Top state officials' salaries set to rise from 2023 in Latvia

Take note – story published 2 years ago

As part of the reform of the State Administration remuneration system, starting 2023, pay will increase for high officials and some members of municipal councils, Saeima decided in the final reading of the relevant legislation November 16.

The amendments were supported by 51 members, while 33 were against.

The amendments determine the target level of monthly salaries in the public administration, bringing it to an average of 80% of the level of pay in the private sector, as well as the ratio between the permanent and variable part of the salary. The remuneration of senior officials will also be clarified, taking into account the balance of power branches and the principle of hierarchy.

The amendments provide that the salaries of higher officials would rise, whereas the bonuses and premiums would decrease.
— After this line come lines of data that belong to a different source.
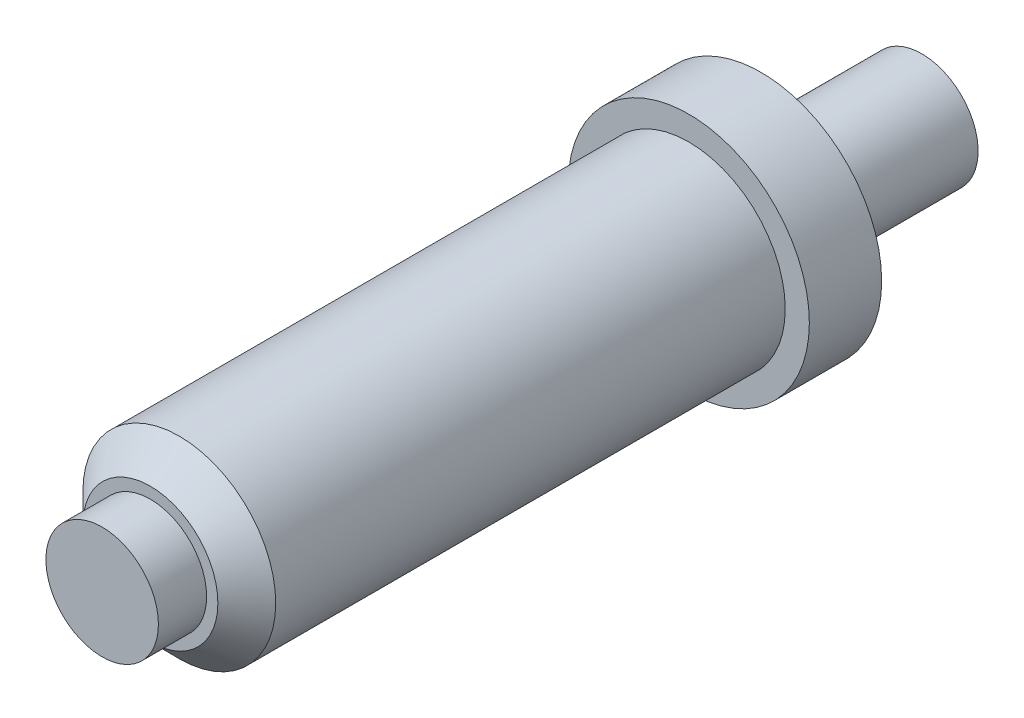
ISO-10303-21;
HEADER;
FILE_DESCRIPTION(('STEP AP214'),'2;1');
FILE_NAME('part.step','',(''),(''),'','','');
FILE_SCHEMA(('AUTOMOTIVE_DESIGN { 1 0 10303 214 1 1 1 1 }'));
ENDSEC;
DATA;
#1=APPLICATION_CONTEXT('core data for automotive mechanical design processes');
#2=APPLICATION_PROTOCOL_DEFINITION('international standard','automotive_design',2000,#1);
#3=PRODUCT_CONTEXT('',#1,'mechanical');
#4=PRODUCT('Part','Part','',(#3));
#5=PRODUCT_RELATED_PRODUCT_CATEGORY('part','',(#4));
#6=PRODUCT_DEFINITION_FORMATION('','',#4);
#7=PRODUCT_DEFINITION_CONTEXT('part definition',#1,'design');
#8=PRODUCT_DEFINITION('design','',#6,#7);
#9=PRODUCT_DEFINITION_SHAPE('','',#8);
#10=(LENGTH_UNIT() NAMED_UNIT(*) SI_UNIT(.MILLI.,.METRE.));
#11=(NAMED_UNIT(*) PLANE_ANGLE_UNIT() SI_UNIT($,.RADIAN.));
#12=(NAMED_UNIT(*) SI_UNIT($,.STERADIAN.) SOLID_ANGLE_UNIT());
#13=UNCERTAINTY_MEASURE_WITH_UNIT(LENGTH_MEASURE(1.E-05),#10,'distance_accuracy_value','');
#14=(GEOMETRIC_REPRESENTATION_CONTEXT(3) GLOBAL_UNCERTAINTY_ASSIGNED_CONTEXT((#13)) GLOBAL_UNIT_ASSIGNED_CONTEXT((#10,
#11,#12)) REPRESENTATION_CONTEXT('',''));
#15=CARTESIAN_POINT('',(0.,0.,0.));
#16=DIRECTION('',(0.,0.,1.));
#17=DIRECTION('',(1.,0.,0.));
#18=AXIS2_PLACEMENT_3D('',#15,#16,#17);
#19=CARTESIAN_POINT('',(0.,0.,38.));
#20=DIRECTION('',(0.,0.,-1.));
#21=DIRECTION('',(-1.,0.,0.));
#22=AXIS2_PLACEMENT_3D('',#19,#20,#21);
#23=CYLINDRICAL_SURFACE('',#22,6.);
#24=CARTESIAN_POINT('',(0.,0.,36.2));
#25=DIRECTION('',(0.,0.,1.));
#26=DIRECTION('',(1.,0.,0.));
#27=AXIS2_PLACEMENT_3D('',#24,#25,#26);
#28=CIRCLE('',#27,6.);
#29=CARTESIAN_POINT('',(6.,0.,36.2));
#30=VERTEX_POINT('',#29);
#31=EDGE_CURVE('E10',#30,#30,#28,.F.);
#32=ORIENTED_EDGE('',*,*,#31,.T.);
#33=EDGE_LOOP('',(#32));
#34=FACE_BOUND('',#33,.T.);
#35=CARTESIAN_POINT('',(0.,0.,4.5));
#36=DIRECTION('',(0.,0.,-1.));
#37=DIRECTION('',(-1.,0.,0.));
#38=AXIS2_PLACEMENT_3D('',#35,#36,#37);
#39=CIRCLE('',#38,6.);
#40=CARTESIAN_POINT('',(-6.,0.,4.5));
#41=VERTEX_POINT('',#40);
#42=EDGE_CURVE('E47',#41,#41,#39,.T.);
#43=ORIENTED_EDGE('',*,*,#42,.F.);
#44=EDGE_LOOP('',(#43));
#45=FACE_BOUND('',#44,.T.);
#46=ADVANCED_FACE('F35',(#34,#45),#23,.T.);
#47=CARTESIAN_POINT('',(0.,0.,38.));
#48=DIRECTION('',(0.,0.,1.));
#49=DIRECTION('',(1.,0.,0.));
#50=AXIS2_PLACEMENT_3D('',#47,#48,#49);
#51=PLANE('',#50);
#52=CARTESIAN_POINT('',(0.,0.,38.));
#53=DIRECTION('',(0.,0.,1.));
#54=DIRECTION('',(1.,0.,0.));
#55=AXIS2_PLACEMENT_3D('',#52,#53,#54);
#56=CIRCLE('',#55,4.19999999999998);
#57=CARTESIAN_POINT('',(4.19999999999998,0.,38.));
#58=VERTEX_POINT('',#57);
#59=EDGE_CURVE('E43',#58,#58,#56,.T.);
#60=ORIENTED_EDGE('',*,*,#59,.T.);
#61=EDGE_LOOP('',(#60));
#62=FACE_BOUND('',#61,.T.);
#63=CARTESIAN_POINT('',(0.,0.,38.));
#64=DIRECTION('',(0.,0.,1.));
#65=DIRECTION('',(1.,0.,0.));
#66=AXIS2_PLACEMENT_3D('',#63,#64,#65);
#67=CIRCLE('',#66,3.5);
#68=CARTESIAN_POINT('',(3.5,0.,38.));
#69=VERTEX_POINT('',#68);
#70=EDGE_CURVE('E54',#69,#69,#67,.T.);
#71=ORIENTED_EDGE('',*,*,#70,.F.);
#72=EDGE_LOOP('',(#71));
#73=FACE_BOUND('',#72,.T.);
#74=ADVANCED_FACE('F90',(#62,#73),#51,.T.);
#75=CARTESIAN_POINT('',(0.,0.,41.));
#76=DIRECTION('',(0.,0.,-1.));
#77=DIRECTION('',(-1.,0.,0.));
#78=AXIS2_PLACEMENT_3D('',#75,#76,#77);
#79=CYLINDRICAL_SURFACE('',#78,3.5);
#80=CARTESIAN_POINT('',(0.,0.,41.));
#81=DIRECTION('',(0.,0.,1.));
#82=DIRECTION('',(1.,0.,0.));
#83=AXIS2_PLACEMENT_3D('',#80,#81,#82);
#84=CIRCLE('',#83,3.5);
#85=CARTESIAN_POINT('',(3.5,0.,41.));
#86=VERTEX_POINT('',#85);
#87=EDGE_CURVE('E57',#86,#86,#84,.T.);
#88=ORIENTED_EDGE('',*,*,#87,.F.);
#89=EDGE_LOOP('',(#88));
#90=FACE_BOUND('',#89,.T.);
#91=ORIENTED_EDGE('',*,*,#70,.T.);
#92=EDGE_LOOP('',(#91));
#93=FACE_BOUND('',#92,.T.);
#94=ADVANCED_FACE('F94',(#90,#93),#79,.T.);
#95=CARTESIAN_POINT('',(0.,0.,41.));
#96=DIRECTION('',(0.,0.,1.));
#97=DIRECTION('',(1.,0.,0.));
#98=AXIS2_PLACEMENT_3D('',#95,#96,#97);
#99=PLANE('',#98);
#100=ORIENTED_EDGE('',*,*,#87,.T.);
#101=EDGE_LOOP('',(#100));
#102=FACE_BOUND('',#101,.T.);
#103=ADVANCED_FACE('F87',(#102),#99,.T.);
#104=CARTESIAN_POINT('',(0.,0.,4.5));
#105=DIRECTION('',(0.,0.,-1.));
#106=DIRECTION('',(-1.,0.,0.));
#107=AXIS2_PLACEMENT_3D('',#104,#105,#106);
#108=CYLINDRICAL_SURFACE('',#107,7.5);
#109=CARTESIAN_POINT('',(0.,0.,4.5));
#110=DIRECTION('',(0.,0.,-1.));
#111=DIRECTION('',(-1.,0.,0.));
#112=AXIS2_PLACEMENT_3D('',#109,#110,#111);
#113=CIRCLE('',#112,7.5);
#114=CARTESIAN_POINT('',(-7.5,0.,4.5));
#115=VERTEX_POINT('',#114);
#116=EDGE_CURVE('E65',#115,#115,#113,.T.);
#117=ORIENTED_EDGE('',*,*,#116,.T.);
#118=EDGE_LOOP('',(#117));
#119=FACE_BOUND('',#118,.T.);
#120=CARTESIAN_POINT('',(0.,0.,0.));
#121=DIRECTION('',(0.,0.,-1.));
#122=DIRECTION('',(-1.,0.,0.));
#123=AXIS2_PLACEMENT_3D('',#120,#121,#122);
#124=CIRCLE('',#123,7.5);
#125=CARTESIAN_POINT('',(-7.5,0.,0.));
#126=VERTEX_POINT('',#125);
#127=EDGE_CURVE('E66',#126,#126,#124,.T.);
#128=ORIENTED_EDGE('',*,*,#127,.F.);
#129=EDGE_LOOP('',(#128));
#130=FACE_BOUND('',#129,.T.);
#131=ADVANCED_FACE('F72',(#119,#130),#108,.T.);
#132=CARTESIAN_POINT('',(0.,0.,4.5));
#133=DIRECTION('',(0.,0.,-1.));
#134=DIRECTION('',(-1.,0.,0.));
#135=AXIS2_PLACEMENT_3D('',#132,#133,#134);
#136=PLANE('',#135);
#137=ORIENTED_EDGE('',*,*,#42,.T.);
#138=EDGE_LOOP('',(#137));
#139=FACE_BOUND('',#138,.T.);
#140=ORIENTED_EDGE('',*,*,#116,.F.);
#141=EDGE_LOOP('',(#140));
#142=FACE_BOUND('',#141,.T.);
#143=ADVANCED_FACE('F75',(#139,#142),#136,.F.);
#144=CARTESIAN_POINT('',(0.,0.,-10.));
#145=DIRECTION('',(0.,0.,-1.));
#146=DIRECTION('',(-1.,0.,0.));
#147=AXIS2_PLACEMENT_3D('',#144,#145,#146);
#148=PLANE('',#147);
#149=CARTESIAN_POINT('',(0.,0.,-10.));
#150=DIRECTION('',(0.,0.,-1.));
#151=DIRECTION('',(-1.,0.,0.));
#152=AXIS2_PLACEMENT_3D('',#149,#150,#151);
#153=CIRCLE('',#152,3.5);
#154=CARTESIAN_POINT('',(-3.5,0.,-10.));
#155=VERTEX_POINT('',#154);
#156=EDGE_CURVE('E60',#155,#155,#153,.T.);
#157=ORIENTED_EDGE('',*,*,#156,.T.);
#158=EDGE_LOOP('',(#157));
#159=FACE_BOUND('',#158,.T.);
#160=ADVANCED_FACE('F77',(#159),#148,.T.);
#161=CARTESIAN_POINT('',(0.,0.,-10.));
#162=DIRECTION('',(0.,0.,1.));
#163=DIRECTION('',(1.,0.,0.));
#164=AXIS2_PLACEMENT_3D('',#161,#162,#163);
#165=CYLINDRICAL_SURFACE('',#164,3.5);
#166=ORIENTED_EDGE('',*,*,#156,.F.);
#167=EDGE_LOOP('',(#166));
#168=FACE_BOUND('',#167,.T.);
#169=CARTESIAN_POINT('',(0.,0.,0.));
#170=DIRECTION('',(0.,0.,-1.));
#171=DIRECTION('',(-1.,0.,0.));
#172=AXIS2_PLACEMENT_3D('',#169,#170,#171);
#173=CIRCLE('',#172,3.5);
#174=CARTESIAN_POINT('',(-3.5,0.,0.));
#175=VERTEX_POINT('',#174);
#176=EDGE_CURVE('E51',#175,#175,#173,.T.);
#177=ORIENTED_EDGE('',*,*,#176,.T.);
#178=EDGE_LOOP('',(#177));
#179=FACE_BOUND('',#178,.T.);
#180=ADVANCED_FACE('F84',(#168,#179),#165,.T.);
#181=CARTESIAN_POINT('',(0.,0.,0.));
#182=DIRECTION('',(0.,0.,1.));
#183=DIRECTION('',(1.,0.,0.));
#184=AXIS2_PLACEMENT_3D('',#181,#182,#183);
#185=PLANE('',#184);
#186=ORIENTED_EDGE('',*,*,#176,.F.);
#187=EDGE_LOOP('',(#186));
#188=FACE_BOUND('',#187,.T.);
#189=ORIENTED_EDGE('',*,*,#127,.T.);
#190=EDGE_LOOP('',(#189));
#191=FACE_BOUND('',#190,.T.);
#192=ADVANCED_FACE('F98',(#188,#191),#185,.F.);
#193=CARTESIAN_POINT('',(0.,0.,38.));
#194=DIRECTION('',(0.,0.,-1.));
#195=DIRECTION('',(-1.,0.,0.));
#196=AXIS2_PLACEMENT_3D('',#193,#194,#195);
#197=CONICAL_SURFACE('',#196,4.19999999999998,0.785398163397447);
#198=ORIENTED_EDGE('',*,*,#31,.F.);
#199=EDGE_LOOP('',(#198));
#200=FACE_BOUND('',#199,.T.);
#201=ORIENTED_EDGE('',*,*,#59,.F.);
#202=EDGE_LOOP('',(#201));
#203=FACE_BOUND('',#202,.T.);
#204=ADVANCED_FACE('F38',(#200,#203),#197,.T.);
#205=CLOSED_SHELL('',(#46,#74,#94,#103,#131,#143,#160,#180,#192,#204));
#206=MANIFOLD_SOLID_BREP('B2',#205);
#207=ADVANCED_BREP_SHAPE_REPRESENTATION('',(#18,#206),#14);
#208=SHAPE_DEFINITION_REPRESENTATION(#9,#207);
ENDSEC;
END-ISO-10303-21;

The changes would apply to the President of the State, the Speaker of the Saeima, the Prime Minister, the President of the Constitutional Court and the President of the Supreme Court, as well as the Prosecutor General, deputies of the Prime Minister, ministers, the State Auditor General, and the Ombudsman.

For example, in the future, the President's remuneration will be included in the overall system, with a coefficient of 7,00. This means that from the current €5,960 per month, the President's salary will rise to around €7,600 as of 2023. The same salary as the President will also be received by the Chairman of the Saeima and the Prime Minister, for whom it will mean a rise in monthly wages from around EUR 5,300 to EUR 7,600, or about a 40% rise.

The increase in salaries of the country's top officials will require an additional €6.44 million in the 2023 budget and €6.85 million in 2024.

It is intended to reduce the variable part of the remuneration – bonuses and premiums.

“Premiums are not a transparent way to pay wages,” said the Saeima deputy Krišjānis Feldmanis (New Conservative Party) in the plenary session, indicating that a 'second salary' is often paid out in premiums. Currently, premiums can be up to 60% of the monthly salary but are planned at a maximum of 30%. 

The amendments are scheduled to take effect on 1 July 2022, but the changes in the ratios for the salaries of top officials, including prosecutors, judges, and officials appointed by parliament, are scheduled to take effect on 1 January 2023.